In our case, the groom’s group had chartered a tour bus for the trip to the bride’s house as they lived across Bangkok (realize that Bangkok has 7 million people and is quite large). The bus dropped them off up the street from us where we couldn’t see them. The groom walked up there to join them, they all assembled and then processed to where the bride, her family, and their friends were waiting.
The groom has to cross symbolic doors before entering into the bride’s house. In traditional Thai weddings, the groom shall cross two gates called “silver gate” and “gold gate”. The gates are on the way from the groom’s home to the bride’s home. To open the gate, the groom must give a gift, i.e. some money to the children. Of course the amount is bigger to open the gold gate than the silver gate. Doors are symbolized by girls holding a chain. Often those girls are the bride’s sisters. At each door the groom is asked if he is rich enough to take care of his wife and his family. He has to give an envelope to each girl in order that they will remove the chain to let him pass. The envelope contains money. Each time a door is symbolically opened, people are shouting.

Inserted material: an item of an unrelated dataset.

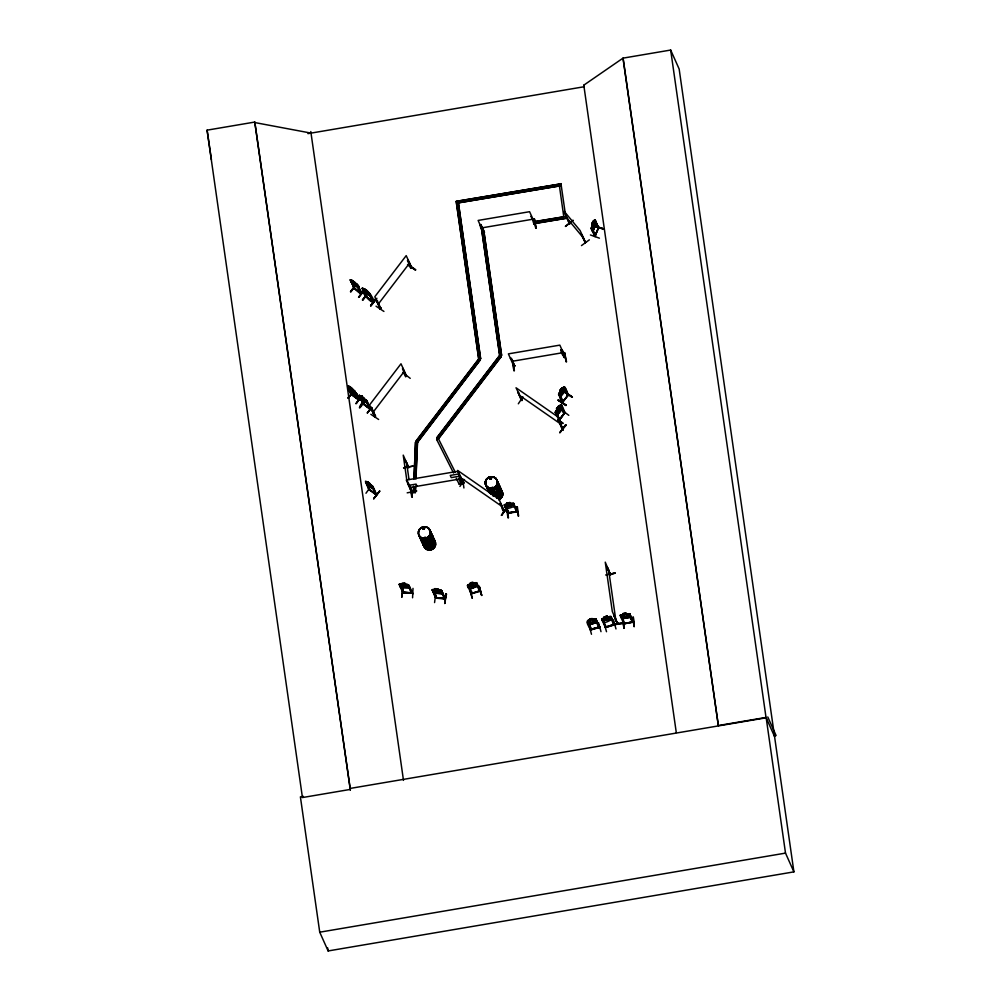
<?xml version="1.0" encoding="UTF-8"?>
<svg xmlns="http://www.w3.org/2000/svg" width="1001" height="1001" viewBox="0 0 1001 1001"><rect width="100%" height="100%" fill="white"/><g stroke="black" fill="none" stroke-linecap="round" stroke-linejoin="round"><path stroke-width="1.5" d="M590.415 234.96L599.436 238.175M415.628 486.511L415.365 492.592L413.476 492.58L413.626 486.273M413.964 478.666L415.528 442.192L417.43 442.192L480.205 359.985L478.691 358.934L456.181 201.376L561.06 183.834L456.181 201.376M413.476 492.58L413.738 486.499M414.064 478.903L415.528 442.192M415.365 492.592L415.528 486.273M415.853 478.678L417.43 442.192L415.915 441.141L478.691 358.934L480.568 358.621L478.791 359.171L416.016 441.378L417.53 442.429L415.953 478.916M610.597 573.886L610.46 575.2L610.185 573.898M617.329 623.648L613.888 615.327L617.329 623.748L617.091 622.597L617.692 622.847L617.717 623.711L612.312 611.548L605.255 562.149L610.297 574.174M408.996 585.735C404.729 580.205 419.857 607.519 408.621 584.747L399.161 584.421L400.212 584.071M400.15 584.046L404.98 583.345L405.392 584.271L404.98 583.345M400.375 585.36L399.524 584.997L403.791 592.917L400.4 585.034M401.776 587.862L400.287 586.799L401.776 587.862L409.246 588.188L409.822 587.312M402.202 584.234L400.875 584.409L401.651 586.123L406.544 587.061L407.807 586.398L407.032 584.672L405.305 584.296L407.57 584.359M403.165 587.95L401.814 597.334L402.64 587.912M399.174 584.321L402.94 592.917L402.652 592.217M402.777 592.492L412.462 592.867L402.865 592.129L403.728 592.492M403.728 592.855L403.741 592.267M411.373 593.193L408.145 585.372M412.575 597.785L413 588.363M561.874 408.946L562.124 407.207M565.14 390.89L564.214 386.786M565.227 390.953L565.465 389.226M412.249 491.816L406.756 479.817L403.228 455.117L408.746 467.63L408.158 466.916M408.608 467.454L404.942 459.734L408.658 467.317M569.894 223.686L566.216 216.391M585.085 242.505L585.172 242.217M434.834 588.676L435.235 589.702L432.094 589.714L435.848 598.223L432.445 590.29L433.32 590.365L436.674 597.872L445.195 598.648L444.231 598.173M435.648 597.447L436.699 598.248L433.32 590.365M435.122 589.551L434.709 588.638L437.887 588.901C443.418 592.242 435.685 587.9 432.194 589.739M434.572 602.577L435.785 593.205M441.028 591.015L441.904 591.09L441.028 591.015L444.431 598.948L444.306 598.21M441.604 590.527L440.453 590.002L441.604 590.527L445.282 598.973L441.516 590.427M446.484 594.119L445.883 593.918L444.732 603.453L446.471 594.106M444.732 603.453L445.958 593.943M462.725 482.707L463.801 483.033L459.659 474.987L463.513 483.108M503.566 510.41C502.64 513.313 500.8 501.363 500.125 503.528M521.008 399.849L521.559 399.837M557.394 416.541L516.028 387.787L522.209 400.337L518.068 392.354L521.233 400.262M562.224 428.103L562.112 427.827M562.074 427.865L562.662 428.34M351.151 394.657C336.874 367.229 375.312 414.564 351.401 394.331M358.733 399.637L351.338 394.081M352.139 394.882L347.998 386.836L352.039 394.682M358.12 399.462L358.421 399.074M361.336 293.381L358.02 286.098C356.957 289.377 368.268 300.851 353.578 287.988M353.703 288.326L354.567 288.864L350.363 279.842L352.69 283.934L358.733 288L351.401 282.407M360.886 292.843L360.685 292.517M357.92 285.11L361.661 293.393L360.911 292.555M365.54 296.309L366.729 296.909L363.288 289.352C358.984 290.14 372.735 305.505 372.985 301.138M369.982 294.407L369.482 293.656L373.423 301.964L372.472 301.176M362.487 403.566L370.057 409.209M363.476 403.753L370.182 409.246L366.266 400.926L366.741 401.689M362.5 403.653L363.325 404.366L363.376 403.703M359.972 395.683L359.121 395.395L362.812 403.528L370.395 408.934L366.641 400.7L361.786 397.197L364.902 400.613L364.126 398.886M376.664 494.719C366.929 487.137 370.733 493.931 366.504 482.357L365.603 482.119L368.756 489.301M375.963 494.019L376.626 494.557L369.744 489.589M379.767 308.408L380.418 307.545M411.549 267.33L410.835 268.08M598.686 227.49L594.732 236.123L595.445 235.385M598.373 227.377L598.085 228.628L598.836 227.803M559.659 419.494L556.068 412.099L555.542 412.8L562.787 428.616L561.999 428.078M563 401.501L562.512 402.502L568.28 394.995L567.742 395.733L564.114 387.95L564.914 387.45L568.355 394.92L562.187 402.389L558.558 394.194M568.243 394.644L562.537 402.202M564.251 413.526C549.386 433.533 569.018 407.445 564.414 413.338M370.845 414.301L378.628 419.469M594.719 219.694L595.97 224.024L593.13 230.831L592.317 230.906L591.103 228.391L594.819 219.732L594.194 220.358M598.485 227.652L594.769 236.411L591.153 228.303L593.48 222.697L594.256 224.424L593.13 227.127L592.354 225.413M471.997 593.38L471.959 593.092M590.302 629.842L591.128 629.429M587.975 622.297C585.285 620.345 594.556 631.331 590.365 629.391M605.48 627.064L606.356 626.914L605.18 626.951M411.586 491.303L412.575 492.279L411.724 492.517M412.187 491.866L412.037 491.166M592.217 225.1L592.517 228.578L594.581 225.162L594.081 221.246L593.343 222.397L592.955 221.346L591.754 224.249L592.267 225.2L591.804 224.174M591.804 229.004L591.829 228.103L595.12 236.599L595.495 235.71M424.699 528.44L423.098 528.978L423.961 527.489M422.96 528.29L424.061 527.865M423.611 527.89L423.486 528.853L423.148 528.24M424.336 528.503A6.119 5.818 -24.1 0 0 422.797 528.966A6.206 5.893 -24.1 0 1 424.374 528.541L424.374 528.353M424.199 527.777L424.374 528.591L423.398 528.828M424.887 537.575L424.95 538.012M425.613 537.537L424.749 537.8M489.889 478.541L490.89 477.715L491.291 478.716M490.177 478.566L491.066 478.928L491.391 478.028M491.966 487.725L492.555 487.187L491.816 487.875M610.11 574.011L606.956 566.766L610.335 574.924M514.702 366.091L511.336 358.596L510.422 358.421L511.298 358.27L514.802 366.078L513.601 365.59M507.745 513.088L508.646 512.75M508.821 512.937L517.442 511.361L508.833 512.775M517.242 511.461L513.563 503.253L510.272 503.578L509.934 502.502L506.781 503.14L509.947 502.602M624.849 623.285L623.823 623.786L620.145 615.302L629.642 613.688L633.445 622.209L624.036 623.798M624.699 623.686L633.295 621.558M633.158 621.959L624.812 623.41M592.955 221.346L591.754 224.249M593.443 222.435L594.194 220.295M598.523 228.578L595.095 220.245L598.823 227.978M598.473 228.641L595.407 220.345M594.144 226.101L603.353 228.816L594.106 225.901M593.13 230.831L595.97 224.024M558.571 394.331L560.347 391.479L559.934 390.44M560.147 405.217L561.01 404.742L555.13 412.262M596.433 622.66L597.059 621.471M611.436 620.107C614.063 617.479 606.106 623.473 604.266 622.247M379.93 308.458L380.705 307.82L379.892 308.683M376.589 301.088L377.39 300.575L376.589 301.088L380.155 308.859L380.83 308.095M410.685 267.918L411.273 267.142M411.186 268.318L407.457 260.685L407.983 259.985L411.686 267.68L406.206 255.618L374.824 296.721L380.267 308.783L380.743 308.083M375.488 415.978C375.4 417.304 374.562 415.152 374.95 417.029L369.607 404.879L401.001 363.776L406.481 375.85M374.737 416.754L375.325 415.978L374.737 416.754L371.384 409.259L371.909 408.558L375.613 416.253M405.493 375.976C405.668 377.915 407.044 374.099 405.868 376.539L405.931 375.337M480.205 590.853L471.058 593.606L480.292 590.565M479.429 591.153L480.405 591.178L471.183 593.881L467.467 585.41M479.479 591.078L480.405 590.84M590.177 629.491C588.588 625.049 581.731 618.53 595.92 618.893L599.799 627.327L590.49 630.054M590.29 629.429L599.712 627.014L598.636 627.352M591.253 629.879L591.128 629.216M595.407 619.782L596.258 619.544L595.407 619.782L598.798 627.665L599.586 626.739M598.748 627.627L598.661 626.976M610.96 616.441L601.664 619.056L605.392 627.527L614.601 624.411M606.193 627.026L606.231 626.639M613.851 624.799L614.601 624.186L606.356 627.026M610.835 616.391L614.639 624.924L611.261 616.991L610.497 617.554L611.261 616.991M562.036 402.027L562.712 401.263M567.817 394.444L567.68 395.733L564.114 387.95M564.589 412.399C563.713 419.319 556.919 391.016 564.989 412.988M564.376 413.313L559.396 419.331M514.126 506.869C516.816 504.667 508.483 509.496 506.781 508.145L505.292 507.407L506.844 508.108M630.643 616.178L630.104 617.329L622.772 618.618L621.271 617.88M630.768 616.266L630.205 617.354L622.772 618.618M560.347 391.366L559.521 392.93L560.285 394.657L563.388 391.766L564.026 389.764L563.25 388.038L562.149 389.001M556.994 409.346L556.168 410.923L556.944 412.65L560.034 409.759L560.673 407.757L559.909 406.031L558.796 406.994M603.34 228.816L594.319 225.625M405.58 376.213L406.181 375.575M569.256 223.536L564.164 211.299L580.08 230.505L585.522 242.467M581.581 234.96L585.247 242.818L584.809 242.192M490.315 477.965L491.366 478.578A6.206 5.893 -24.1 0 0 489.802 479.004M490.115 478.903L491.616 478.641M598.335 227.465L595.095 220.245M376.038 306.193L383.921 311.436M565.89 405.555L558.133 400.162L566.128 405.03M558.358 399.649L566.103 405.267L558.108 400.212M558.083 420.508L562.85 423.173L558.32 420.182M483.458 231.844L484.497 232.332L482.069 226.927M483.345 232.282L484.196 232.182M534.772 223.611L533.883 223.661M534.146 223.486C535.485 226.088 530.755 214.902 530.755 216.416M484.309 232.407L483.458 232.557L478.128 220.433L529.579 211.699L535.072 223.749L534.109 223.924L534.934 223.448M411.436 491.854L412.037 491.654M411.561 492.129L412.625 491.941L411.711 492.429L406.268 480.055L457.707 471.321L463.25 483.683L462.012 483.283M514.489 365.465L513.601 365.991L514.752 365.753M463.125 483.746L458.833 473.974L450.262 475.425L451.238 477.615L459.809 476.163M565.202 356.907L564.139 357.094L565.115 357.119M565.252 357.557C559.021 353.653 560.547 342.142 565.377 357.495L559.834 345.132L508.383 353.866L513.863 366.278M505.455 505.655C503.053 503.616 511.524 515.115 507.857 512.6M516.428 511.136L516.629 511.924L513.113 504.016L513.976 503.878L513.113 504.016M517.292 511.761L517.104 511.073M623.648 623.198L624.586 622.997M623.911 623.535L633.245 621.896M624.774 623.661L621.396 615.803L620.57 616.266L621.396 615.803M632.494 622.121L629.091 614.489L629.967 614.339L629.091 614.489M633.345 622.209L629.541 613.726M409.159 588.163L409.722 587.199M442.054 593.693L442.717 592.892L442.042 593.793M436.611 597.935L435.735 597.91M569.144 223.273L569.569 223.899M407.72 260.873L407.983 259.985M411.211 267.217L410.623 267.993L411.624 267.717M411.011 268.093L411.261 267.442M415.753 269.744L407.945 264.402M352.99 393.693L355.48 395.533L355.03 394.444L356.106 395.095M352.74 390.315L355.142 391.954L348.698 388.3M372.172 408.746L371.384 409.259M402.515 369.031C402.289 366.241 404.391 375.738 405.805 376.614M410.222 378.34L402.715 372.585M518.768 392.83L517.867 392.617M522.922 396.884L518.318 403.803M464.514 479.517L459.909 486.448M462.862 482.857L457.62 470.432L498.986 499.186L504.466 511.311L503.791 510.785M561.899 428.528C551.226 403.315 567.58 439.877 561.961 427.852M559.909 432.695L565.64 424.787L566.116 425.225M566.103 425.2L559.847 432.67L565.615 424.774M501.438 515.202L507.269 507.457L501.539 515.365M501.501 515.327L507.257 507.444M349.649 386.724L352.69 389.314L349.649 386.724L349.862 388.801L354.804 392.192M348.773 388.688L356.056 394.344L356.494 393.881L355.981 394.269M347.81 397.985L354.104 390.553L352.615 389.289M352.352 392.68L348.248 398.285L352.352 392.605L351.676 390.853L354.829 394.219L349.875 390.69L356.781 395.658L355.03 394.444L355.38 395.445M355.418 392.342L354.917 391.591L358.858 399.912L350.951 394.281L351.939 394.507M355.393 391.404L354.341 390.603M354.016 390.478L358.095 399.499L354.917 391.591M361.824 395.758L356.031 403.641L361.861 395.783M356.068 403.641L361.974 395.958M354.004 287.975L350.638 280.555L354.767 288.601L353.879 287.7M359.046 287.712C360.723 285.072 344.632 276.414 352.79 281.456L352.352 280.368L356.644 284.221L350.438 291.691L356.343 283.984M351.338 281.043L350.425 280.818M355.305 283.058L354.467 281.957M357.044 284.259L353.003 281.681L356.143 285.06L355.368 283.333M358.02 286.098L357.532 285.348M364.689 292.254L362.324 288.15L366.529 296.584M362.349 288.313C369.945 288.964 381.644 311.974 366.091 296.346M363.288 289.352L362.387 289.126M364.051 291.028L358.621 297.372L363.613 290.628M363.763 290.828L358.571 297.234M366.791 290.528L363.013 288.538M368.305 292.292L362.387 300L367.868 293.693M362.825 300.3L367.805 293.531M370.683 296.309L364.652 292.242L371.058 295.946L370.545 296.321M371.058 295.946L369.807 293.506L364.952 289.99L368.105 293.368L367.329 291.641M375.575 298.936L370.645 305.705L375.725 299.136M376.889 298.273L370.583 305.693L375.613 298.974M370.996 305.968L376.013 299.337M378.178 304.229L409.572 263.113M372.973 412.387L404.354 371.283M415.64 442.417L417.53 442.429L480.205 359.985M436.861 437.587L499.637 355.38L501.626 355.292L499.749 355.605L436.974 437.825L438.476 438.876L501.251 356.656L499.637 355.38L481.994 231.882L483.871 231.569L501.514 355.055M501.151 356.419L438.375 438.638L436.661 439.489L438.375 438.638L455.255 472.172M560.347 391.479L559.859 390.49C564.501 386.624 564.226 383.533 568.067 394.682M561.874 388.025L559.859 390.49M563.601 387.224L559.021 393.055M563.1 401.726C555.317 383.946 561.498 402.352 562.112 401.989M559.159 394.995L559.684 394.294M564.389 388.138L564.914 387.45M565.29 390.916L560.66 396.796L559.672 396.809M557.006 409.459L556.506 408.483L560.172 405.155M555.755 411.098L557.082 409.409L556.581 408.433M555.805 412.988L556.343 412.287M561.035 406.131L561.574 405.443M558.896 420.307L564.652 412.75L560.935 404.679M568.806 415.34L561.286 409.634M349.875 389.151L351.614 390.377L351.201 389.464M350.225 391.328L351.564 392.867M353.165 392.029L354.141 392.104L353.716 391.053L351.263 389.376M357.545 396.934L351.514 392.855L357.92 396.559L357.407 396.947M357.92 396.559L356.343 393.418M362.925 403.541L359.459 396.021L363.588 404.079M365.715 399.925L359.86 395.708L361.549 396.796M360.147 396.521L359.246 396.283M360.222 397.872L361.549 399.424M360.373 397.847L367.83 403.228C365.428 390.302 351.814 422.047 365.553 399.712M363.588 397.772L361.073 395.958M363.225 397.51L364.064 398.611M364.377 400.575L359.622 407.407M371.521 407.344L367.38 412.988M371.609 407.482L367.279 412.925L371.959 407.745M366.504 482.357L365.603 482.119M370.357 484.421L372.522 487.349L369.244 485.498L366.892 482.132L368.005 482.732C366.028 479.316 372.109 486.423 369.945 483.496M373.823 489.426L367.855 485.247L374.099 489.001M371.596 485.335L365.978 493.243M372.109 485.685C375.838 488.851 361.874 478.015 367.943 482.807L367.492 481.719M375.763 494.582L372.622 486.761L376.414 494.819M375.775 493.943L375.788 494.669L376.001 493.968M372.622 486.761L375.65 494.306M379.742 491.203L373.736 498.823M379.654 491.153L373.636 498.761L379.579 490.99M564.639 391.654L572.409 397.047L564.401 391.954M572.021 397.297L564.251 391.929M424.724 537.237L425.675 537.437M403.578 592.617L402.84 592.905M412.324 593.268L402.852 592.817M556.068 412.099L559.484 419.532M436.599 598.223L435.71 597.484L435.848 598.223M406.018 375.713L402.765 368.155M375.162 416.116L372.447 409.759M591.353 629.879L587.887 621.984M595.182 235.598L591.829 228.103M565.39 226.276L573.16 220.233L565.552 226.476M569.782 223.536L565.94 216.078M589.364 239.84L581.468 245.595M565.165 357.319L564.439 357.232M463.05 483.508L462.062 483.195M508.783 513.2L505.405 505.33M517.392 511.786L507.87 513.363M467.492 585.51L468.38 584.897M604.329 622.184L602.777 621.533L601.689 619.156L602.69 618.53M303.416 796.358L300.4 796.871L319.732 932.194L328.128 950.95L793.906 871.871L679.153 69.006L670.67 50.05L622.997 58.146L583.733 85.21M408.696 467.605L408.558 466.954M490.24 477.69L491.391 477.64M470.42 584.196L469.006 584.959L469.782 586.686L474.537 586.123L475.75 584.934L474.975 583.22L473.298 583.358C473.498 581.256 468.368 582.932 470.445 584.296M504.179 504.929L507.957 513.388L504.279 504.829L513.676 503.328M621.171 614.802L620.145 615.302M605.217 626.864L605.53 627.527M606.256 627.327L602.902 619.444L602.139 619.994L602.902 619.444M614.627 624.887L605.492 627.502M459.134 484.121L460.735 483.045L459.134 484.121L456.231 478.34M411.749 491.478L408.395 484.021M472.159 598.11L469.732 589.101L472.284 598.248M589.101 625.425L591.491 634.271M604.016 622.735L606.506 631.719M599.624 627.477L599.499 626.764M626.351 614.001L625.913 612.975L622.772 613.613L623.298 614.551L621.846 615.027L622.609 616.754L627.477 616.716L628.728 615.715L627.965 613.988L626.238 613.951M534.034 223.261L534.008 223.936M565.052 357.307L564.301 357.682L560.998 349.837M507.845 512.925L517.342 511.373M483.095 233.984L482.219 227.803L482.907 232.42M484.096 236.987L482.645 227.577L483.258 232.357M512.862 361.486L513.863 370.82L512.937 361.323M410.773 487.525L412.274 496.921L410.347 487.75M411.749 496.996L410.397 487.737M508.483 517.792L507.006 508.533M507.945 517.867L506.656 508.596M622.997 619.006L623.923 628.353L622.635 619.056M624.324 628.265L623.01 618.868M569.406 223.06L569.857 223.661M470.032 583.383L472.91 582.532M476.951 583.37L476.188 583.921L476.951 583.37L480.33 591.303L476.526 582.77C473.911 583.646 464.527 583.358 468.493 588.012L469.957 588.613L477.214 586.498C479.529 583.833 471.896 589.827 469.932 588.513L468.493 588.012M468.593 585.81C466.779 585.598 472.309 590.527 472.134 593.606M479.141 586.348L481.681 595.332M471.296 593.893C470.933 594.181 472.459 592.454 471.183 593.668M592.217 618.706L589.339 619.544L589.752 620.47M607.282 616.003L604.216 617.004L607.282 616.003L607.632 617.079L609.284 616.841L610.059 618.568L608.846 619.757L604.091 620.307L603.315 618.58L604.629 617.93M602.64 618.505L604.754 617.93L604.191 616.904M607.632 617.079L609.822 616.403M598.51 622.672L601 631.669M613.475 619.957L615.99 628.953M591.228 629.191L598.585 627.126M591.341 629.579L598.661 627.439M606.268 626.714L613.588 624.574M521.759 400.35L521.096 399.849M521.871 400.625L521.146 399.95M462.812 482.169L463.601 482.707M463.063 482.482L463.813 482.983L463.038 482.194M503.403 510.86L504.204 510.885M504.066 511.498L500.325 503.265M361.211 293.343L353.991 288.05M365.953 296.371L373.423 301.376M362.612 403.19L370.395 408.934M363.25 404.304L359.271 395.382M368.969 489.039L369.807 489.764M480.13 224.674L480.993 224.524L484.309 232.457C482.144 233.508 478.728 223.686 481.043 224.837M534.359 218.806L536.261 228.103M535.748 228.215L534.296 218.806L535.798 228.165M561.048 350.162L561.911 350.012M566.553 361.849L564.614 352.552L566.028 361.799M409.171 484.459L408.345 484.934L409.221 484.784L412.487 492.392L409.221 484.784M458.883 476.026C460.272 474.599 466.003 494.857 458.933 476.351M462.662 478.853L463.913 487.988M462.199 483.145L463.088 483.083M411.711 492.429L412.575 492.279M607.419 567.542L610.46 575.2M609.709 574.086L615.265 573.185L609.709 574.111M614.013 616.166L614.226 615.265M622.309 622.747L612.675 624.449L622.447 623.398L612.8 625.074M774.424 735.848L776.1 735.547L767.78 716.954M403.591 467.742L413.238 466.078L403.616 467.93M407.182 492.842L416.754 490.965M350.125 789.451L302.44 797.547L207.094 130.155L254.78 122.059L350.363 789.989L254.78 122.059M307.945 133.633L584.021 86.762L583.796 85.198L676.276 732.507M559.784 185.886L458.32 202.865L561.311 185.635M481.494 227.94L532.932 219.206M533.47 221.721L533.833 223.761L565.978 218.306L533.721 223.523L533.47 221.721L565.728 216.504M535.097 221.696L562.662 217.017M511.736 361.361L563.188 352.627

We did not get a clear picture of the gates. The bride and groom then go into the house for the white thread ceremony while the new arrivals eat and drink and generally make merry.
White thread ceremony
In a room, the newly weds sit close to each other. An old and wise man says auspicious sentences in order to bless the wedding and give hints to the bride. Then white threads are linked to the wrists of the newly weds. Threads are soaked with holy water. In Thai language the Thread ceremony is called “PHITI BAI SRI SU KWAN”. The “BAI SRI” tree is often prepared by friends and neighbours. It is made of banana leaves. It is in the center of the “BAI SRI” ceremony. This ceremony has an Indian origin. The tree shape reminds of the mythic mount Meru (the center of the universe). Some symbolic food is given to the newly weds. The parents attach a white string around the couple wrists and bless the couple.
When this ceremony is completed, the bride and groom come outside and are blessed with good wishes by their family and friends.
Outside the house, the newly weds kneel on a pedestal with their hands clasped together. An old man says auspicious sentences and anoints them on the forehead. The newly weds wear beautiful garlands around the neck. Every guest pours a shell filled with holy water (“NAM SANG”) on the hands of the bride and groom. They say holy sentences and blessings to the newly weds.
We missed the blessings as it was almost 11:00 am and Yim was ready to go — and so were we since we had been up since 5:00 am. After the blessings, everyone goes about their business until the evening when there is a big party with more food and drink. This was to be held at a large restaurant and, again, the exact number of attendees was anybody’s guess. Since we were now part of the group, we were actually included for the evening as well but declined.
Ira and I really enjoyed this special occasion. Since we had studied about Thai weddings in one of our language classes, it was particularly interesting to see the things actually happen and to know some of the specialized vocabulary. Also we have so many fresh memories of another wonderful wedding with very different traditions — Olivia and Aaron’s!